Items listed in a dataset

- - - - - - -

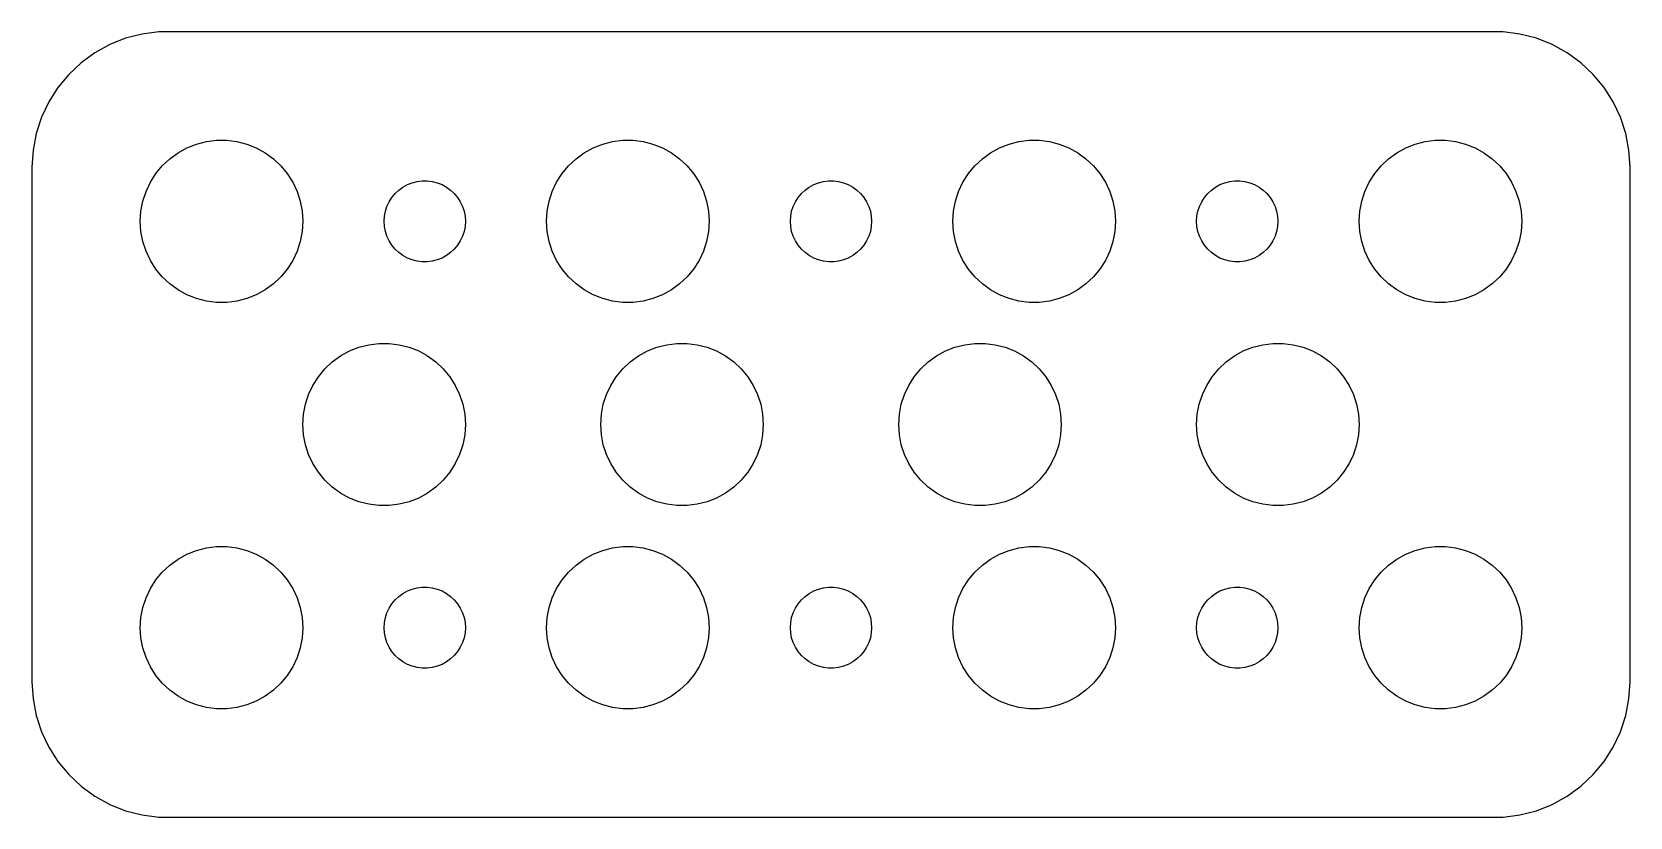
# Model space of a CAD drawing. Header units: metres. Extents: x -29.5 to 29.5, y 24.5 to 53.5.
import ezdxf

# ---------------------------------------------------------------- set-up
doc = ezdxf.new("R2010")
doc.units = ezdxf.units.M

msp = doc.modelspace()

# ---------------------------------------------------------------- linework, layer by layer
for p, q in [((-26.0451, 53.2553), (-26.6289, 53.0241)), ((-25.4369, 53.4114), (-26.0451, 53.2553)), ((-24.8139, 53.4901), (-25.4369, 53.4114)), ((24.8139, 53.4901), (-24.8139, 53.4901)), ((25.4369, 53.4114), (24.8139, 53.4901)), ((26.0451, 53.2553), (25.4369, 53.4114)), ((26.6289, 53.0241), (26.0451, 53.2553)), ((-27.1791, 52.7216), (-27.6871, 52.3526)), ((-26.6289, 53.0241), (-27.1791, 52.7216)), ((27.1791, 52.7216), (26.6289, 53.0241)), ((27.6871, 52.3526), (27.1791, 52.7216)), ((-28.1448, 51.9227), (-28.5451, 51.4389)), ((-27.6871, 52.3526), (-28.1448, 51.9227)), ((28.1448, 51.9227), (27.6871, 52.3526)), ((28.5451, 51.4389), (28.1448, 51.9227)), ((-28.5451, 51.4389), (-28.8815, 50.9088)), ((28.8815, 50.9088), (28.5451, 51.4389)), ((-28.8815, 50.9088), (-29.1489, 50.3406)), ((29.1489, 50.3406), (28.8815, 50.9088)), ((-29.1489, 50.3406), (-29.3429, 49.7434)), ((29.3429, 49.7434), (29.1489, 50.3406)), ((-29.3429, 49.7434), (-29.4606, 49.1267)), ((29.4606, 49.1267), (29.3429, 49.7434)), ((-29.4606, 49.1267), (-29.5, 48.5)), ((-24.4123, 48.8115), (-24.1075, 49.033)), ((-24.1075, 49.033), (-23.7773, 49.2145)), ((-23.7773, 49.2145), (-23.427, 49.3532)), ((-23.427, 49.3532), (-23.0621, 49.4469)), ((-23.0621, 49.4469), (-22.6884, 49.4941)), ((-22.6884, 49.4941), (-22.3116, 49.4941)), ((-22.3116, 49.4941), (-21.9379, 49.4469)), ((-21.9379, 49.4469), (-21.5729, 49.3532)), ((-21.5729, 49.3532), (-21.2227, 49.2145)), ((-21.2227, 49.2145), (-20.8925, 49.033)), ((-20.8925, 49.033), (-20.5877, 48.8115)), ((-9.41226, 48.8115), (-9.10747, 49.033)), ((-9.10747, 49.033), (-8.77733, 49.2145)), ((-8.77733, 49.2145), (-8.42705, 49.3532)), ((-8.42705, 49.3532), (-8.06213, 49.4469)), ((-8.06213, 49.4469), (-7.68837, 49.4941)), ((-7.68837, 49.4941), (-7.31161, 49.4941)), ((-7.31161, 49.4941), (-6.93785, 49.4469)), ((-6.93785, 49.4469), (-6.57294, 49.3532)), ((-6.57294, 49.3532), (-6.22266, 49.2145)), ((-6.22266, 49.2145), (-5.89252, 49.033)), ((-5.89252, 49.033), (-5.58772, 48.8115)), ((5.58772, 48.8115), (5.89252, 49.033)), ((5.89252, 49.033), (6.22266, 49.2145)), ((6.22266, 49.2145), (6.57294, 49.3532)), ((6.57294, 49.3532), (6.93785, 49.4469)), ((6.93785, 49.4469), (7.31161, 49.4941)), ((7.31161, 49.4941), (7.68837, 49.4941)), ((7.68837, 49.4941), (8.06213, 49.4469)), ((8.06213, 49.4469), (8.42705, 49.3532)), ((8.42705, 49.3532), (8.77733, 49.2145)), ((8.77733, 49.2145), (9.10747, 49.033)), ((9.10747, 49.033), (9.41226, 48.8115)), ((20.5877, 48.8115), (20.8925, 49.033)), ((20.8925, 49.033), (21.2227, 49.2145)), ((21.2227, 49.2145), (21.5729, 49.3532)), ((21.5729, 49.3532), (21.9379, 49.4469)), ((21.9379, 49.4469), (22.3116, 49.4941)), ((22.3116, 49.4941), (22.6884, 49.4941)), ((22.6884, 49.4941), (23.0621, 49.4469)), ((23.0621, 49.4469), (23.427, 49.3532)), ((23.427, 49.3532), (23.7773, 49.2145)), ((23.7773, 49.2145), (24.1075, 49.033)), ((24.1075, 49.033), (24.4123, 48.8115)), ((29.5, 48.5), (29.4606, 49.1267)), ((-29.5, 48.5), (-29.5, 29.5)), ((-24.927, 48.2634), (-24.6869, 48.5536)), ((-24.6869, 48.5536), (-24.4123, 48.8115)), ((-20.5877, 48.8115), (-20.3131, 48.5536)), ((-20.3131, 48.5536), (-20.0729, 48.2634)), ((-9.92705, 48.2634), (-9.6869, 48.5536)), ((-9.6869, 48.5536), (-9.41226, 48.8115)), ((-5.58772, 48.8115), (-5.31308, 48.5536)), ((-5.31308, 48.5536), (-5.07294, 48.2634)), ((5.07294, 48.2634), (5.31308, 48.5536)), ((5.31308, 48.5536), (5.58772, 48.8115)), ((9.41226, 48.8115), (9.6869, 48.5536)), ((9.6869, 48.5536), (9.92705, 48.2634)), ((20.0729, 48.2634), (20.3131, 48.5536)), ((20.3131, 48.5536), (20.5877, 48.8115)), ((24.4123, 48.8115), (24.6869, 48.5536)), ((24.6869, 48.5536), (24.927, 48.2634)), ((29.5, 29.5), (29.5, 48.5)), ((-25.2893, 47.6044), (-25.1289, 47.9453)), ((-25.1289, 47.9453), (-24.927, 48.2634)), ((-20.0729, 48.2634), (-19.8711, 47.9453)), ((-19.8711, 47.9453), (-19.7107, 47.6044)), ((-15.8037, 47.7665), (-15.6387, 47.8572)), ((-15.6387, 47.8572), (-15.4635, 47.9266)), ((-15.4635, 47.9266), (-15.2811, 47.9734)), ((-15.2811, 47.9734), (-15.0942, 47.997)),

- - - - - - -

* _THE TASK_
Copy these entries precisely and drop any picture.

* _ANSWER TO THIS TASK_
# Model space of a CAD drawing. Header units: metres. Extents: x -29.5 to 29.5, y 24.5 to 53.5.
import ezdxf

# ---------------------------------------------------------------- set-up
doc = ezdxf.new("R2010")
doc.units = ezdxf.units.M

msp = doc.modelspace()

# ---------------------------------------------------------------- linework, layer by layer
for p, q in [((-26.0451, 53.2553), (-26.6289, 53.0241)), ((-25.4369, 53.4114), (-26.0451, 53.2553)), ((-24.8139, 53.4901), (-25.4369, 53.4114)), ((24.8139, 53.4901), (-24.8139, 53.4901)), ((25.4369, 53.4114), (24.8139, 53.4901)), ((26.0451, 53.2553), (25.4369, 53.4114)), ((26.6289, 53.0241), (26.0451, 53.2553)), ((-27.1791, 52.7216), (-27.6871, 52.3526)), ((-26.6289, 53.0241), (-27.1791, 52.7216)), ((27.1791, 52.7216), (26.6289, 53.0241)), ((27.6871, 52.3526), (27.1791, 52.7216)), ((-28.1448, 51.9227), (-28.5451, 51.4389)), ((-27.6871, 52.3526), (-28.1448, 51.9227)), ((28.1448, 51.9227), (27.6871, 52.3526)), ((28.5451, 51.4389), (28.1448, 51.9227)), ((-28.5451, 51.4389), (-28.8815, 50.9088)), ((28.8815, 50.9088), (28.5451, 51.4389)), ((-28.8815, 50.9088), (-29.1489, 50.3406)), ((29.1489, 50.3406), (28.8815, 50.9088)), ((-29.1489, 50.3406), (-29.3429, 49.7434)), ((29.3429, 49.7434), (29.1489, 50.3406)), ((-29.3429, 49.7434), (-29.4606, 49.1267)), ((29.4606, 49.1267), (29.3429, 49.7434)), ((-29.4606, 49.1267), (-29.5, 48.5)), ((-24.4123, 48.8115), (-24.1075, 49.033)), ((-24.1075, 49.033), (-23.7773, 49.2145)), ((-23.7773, 49.2145), (-23.427, 49.3532)), ((-23.427, 49.3532), (-23.0621, 49.4469)), ((-23.0621, 49.4469), (-22.6884, 49.4941)), ((-22.6884, 49.4941), (-22.3116, 49.4941)), ((-22.3116, 49.4941), (-21.9379, 49.4469)), ((-21.9379, 49.4469), (-21.5729, 49.3532)), ((-21.5729, 49.3532), (-21.2227, 49.2145)), ((-21.2227, 49.2145), (-20.8925, 49.033)), ((-20.8925, 49.033), (-20.5877, 48.8115)), ((-9.41226, 48.8115), (-9.10747, 49.033)), ((-9.10747, 49.033), (-8.77733, 49.2145)), ((-8.77733, 49.2145), (-8.42705, 49.3532)), ((-8.42705, 49.3532), (-8.06213, 49.4469)), ((-8.06213, 49.4469), (-7.68837, 49.4941)), ((-7.68837, 49.4941), (-7.31161, 49.4941)), ((-7.31161, 49.4941), (-6.93785, 49.4469)), ((-6.93785, 49.4469), (-6.57294, 49.3532)), ((-6.57294, 49.3532), (-6.22266, 49.2145)), ((-6.22266, 49.2145), (-5.89252, 49.033)), ((-5.89252, 49.033), (-5.58772, 48.8115)), ((5.58772, 48.8115), (5.89252, 49.033)), ((5.89252, 49.033), (6.22266, 49.2145)), ((6.22266, 49.2145), (6.57294, 49.3532)), ((6.57294, 49.3532), (6.93785, 49.4469)), ((6.93785, 49.4469), (7.31161, 49.4941)), ((7.31161, 49.4941), (7.68837, 49.4941)), ((7.68837, 49.4941), (8.06213, 49.4469)), ((8.06213, 49.4469), (8.42705, 49.3532)), ((8.42705, 49.3532), (8.77733, 49.2145)), ((8.77733, 49.2145), (9.10747, 49.033)), ((9.10747, 49.033), (9.41226, 48.8115)), ((20.5877, 48.8115), (20.8925, 49.033)), ((20.8925, 49.033), (21.2227, 49.2145)), ((21.2227, 49.2145), (21.5729, 49.3532)), ((21.5729, 49.3532), (21.9379, 49.4469)), ((21.9379, 49.4469), (22.3116, 49.4941)), ((22.3116, 49.4941), (22.6884, 49.4941)), ((22.6884, 49.4941), (23.0621, 49.4469)), ((23.0621, 49.4469), (23.427, 49.3532)), ((23.427, 49.3532), (23.7773, 49.2145)), ((23.7773, 49.2145), (24.1075, 49.033)), ((24.1075, 49.033), (24.4123, 48.8115)), ((29.5, 48.5), (29.4606, 49.1267)), ((-29.5, 48.5), (-29.5, 29.5)), ((-24.927, 48.2634), (-24.6869, 48.5536)), ((-24.6869, 48.5536), (-24.4123, 48.8115)), ((-20.5877, 48.8115), (-20.3131, 48.5536)), ((-20.3131, 48.5536), (-20.0729, 48.2634)), ((-9.92705, 48.2634), (-9.6869, 48.5536)), ((-9.6869, 48.5536), (-9.41226, 48.8115)), ((-5.58772, 48.8115), (-5.31308, 48.5536)), ((-5.31308, 48.5536), (-5.07294, 48.2634)), ((5.07294, 48.2634), (5.31308, 48.5536)), ((5.31308, 48.5536), (5.58772, 48.8115)), ((9.41226, 48.8115), (9.6869, 48.5536)), ((9.6869, 48.5536), (9.92705, 48.2634)), ((20.0729, 48.2634), (20.3131, 48.5536)), ((20.3131, 48.5536), (20.5877, 48.8115)), ((24.4123, 48.8115), (24.6869, 48.5536)), ((24.6869, 48.5536), (24.927, 48.2634)), ((29.5, 29.5), (29.5, 48.5)), ((-25.2893, 47.6044), (-25.1289, 47.9453)), ((-25.1289, 47.9453), (-24.927, 48.2634)), ((-20.0729, 48.2634), (-19.8711, 47.9453)), ((-19.8711, 47.9453), (-19.7107, 47.6044)), ((-15.8037, 47.7665), (-15.6387, 47.8572)), ((-15.6387, 47.8572), (-15.4635, 47.9266)), ((-15.4635, 47.9266), (-15.2811, 47.9734)), ((-15.2811, 47.9734), (-15.0942, 47.997)),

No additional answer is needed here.